Question

For what value of k does the system of equations

kx + 2y = 5, 3x – 4y = 10

have (i) a unique solution, (ii) no solution?

Answer 1

The given system of equations:

kx + 2y = 5

⇒ kx + 2y – 5 = 0   ...(i)

3x – 4y = 10

⇒ 3x – 4y – 10 = 0   ...(ii)

These equations are of the forms:

a₁x + b₁y + c₁ = 0 and a₂x + b₂y + c₂ = 0

where, a₁ = k, b₁ = 2, c₁ = –5 and a₂ = 3, b₂ = –4, c₂ = –10

(i) For a unique solution, we must have:

∴ `(a_1)/(a_2) ≠ (b_1)/(b_2)` i.e., `k/3 ≠ 2/(-4) ⇒ k ≠ (-3)/2`

Thus for all real values of k other than `(-3)/2`, the given system of equations will have a unique solution.

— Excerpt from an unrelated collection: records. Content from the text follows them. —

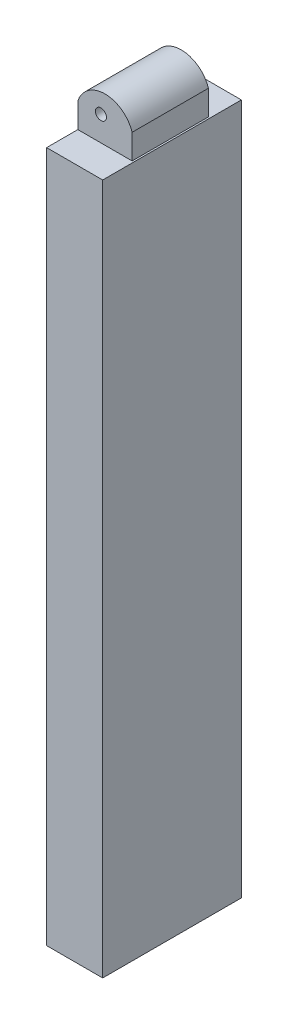
SolidWorks part; units mm, degrees
ref_plane "Front Plane" through (0, 0, 0) normal (1, 0, 0) x (0, 1, 0)
ref_plane "Top Plane" through (0, 0, 0) normal (0, 0, 1) x (0, 1, 0)
ref_plane "Right Plane" through (0, 0, 0) normal (0, 1, 0) x (-1, 0, 0)
sketch "Sketch1" plane through (0, 0, 0) normal (1, 0, 0) x (0, 1, 0)
  line L1 (-59.8, -12) -> (59.8, -12)
  line L2 (-59.8, -12) -> (-59.8, 12)
  line L3 (-59.8, 12) -> (59.8, 12)
  line L4 (59.8, -12) -> (59.8, 12)
  line L5 (-59.8, -12) -> (59.8, 12) construction
  line L6 (-59.8, 12) -> (59.8, -12) construction
  line L7 (49.8, 10) -> (-59.8, 10)
  line L8 (49.8, 10) -> (49.8, -10)
  line L9 (49.8, -10) -> (-59.8, -10)
  line L10 (-59.8, 10) -> (-59.8, -10)
  point P0 (0, 0)
  dimension "D1" = 24
  dimension "D2" = 119.6
  dimension "D3" = 2
  dimension "D4" = 2
  dimension "D5" = 10
extrude "Boss-Extrude1" add sketch "Sketch1" along normal blind 9.7 contours L3 L4 L1 L2
sketch "Sketch3" plane through (0, 59.8, 0) normal (0, 1, 0) x (-1, 0, 0)
  line L1 (-9.4, 6.6) -> (0, 6.6)
  line L2 (-9.4, 6.6) -> (-9.4, -6.6)
  line L3 (-9.4, -6.6) -> (0, -6.6)
  line L4 (0, 6.6) -> (0, -6.6)
  line L5 (0, -12) -> (0, 12) construction
  line L6 (-9.7, -12) -> (0, -12) construction
  line L7 (-9.7, 12) -> (0, 12) construction
  line L9 (-9.7, -12) -> (-9.7, 12) construction
  dimension "D1" = 5.4
  dimension "D2" = 5.4
  dimension "D3" = 0.3
  dimension "D4" = 13.2
extrude "Boss-Extrude2" add sketch "Sketch3" along normal blind 8
sketch "Sketch4" plane through (0, 0, 6.6) normal (0, 0, 1) x (1, 0, 0)
  line L0 (4, 60.1) -> (4, 68.1) construction
  line L9 (0, 59.8) -> (8, 59.8) construction
  line L10 (9.7, 59.8) -> (0, 59.8) construction
  line L14 (0, 59.8) -> (0, 67.5) construction
  line L15 (0, 67.5) -> (8, 67.5) construction
  line L16 (8, 67.5) -> (8, 59.8) construction
  line L18 (-1.4, 64.1) -> (9.4, 64.1) construction
  line L19 (9.4, 67.8) -> (9.4, 59.8) construction
  line L20 (0, 60.1) -> (8, 60.1) construction
  circle A1 centre (4, 64.1) radius 0.95
  arc A3 (0, 64.1) -> (9.4, 64.1) centre (4.7, 62.5515) cw
  point P10 (4, 64.1)
  dimension "D2" = 1.9
  dimension "D1" = 8
  dimension "D3" = 8
  dimension "D4" = 7.7
  dimension "D5" = 0.3
extrude "Cut-Extrude1" cut sketch "Sketch4" against normal through all

(ii) For the given system of equations to have no solutions, we must have:

`(a_1)/(a_2) = (b_1)/(b_2) ≠ (c_1)/(c_2)`

⇒ `k/3 = 2/(-4) ≠ (-5)/(-10)`

⇒ `k/3 = 2/(-4)` and `k/3 ≠ 1/2`

⇒ `k = (-3)/2, k ≠ 3/2`

Hence, the required value of k is `(-3)/2`.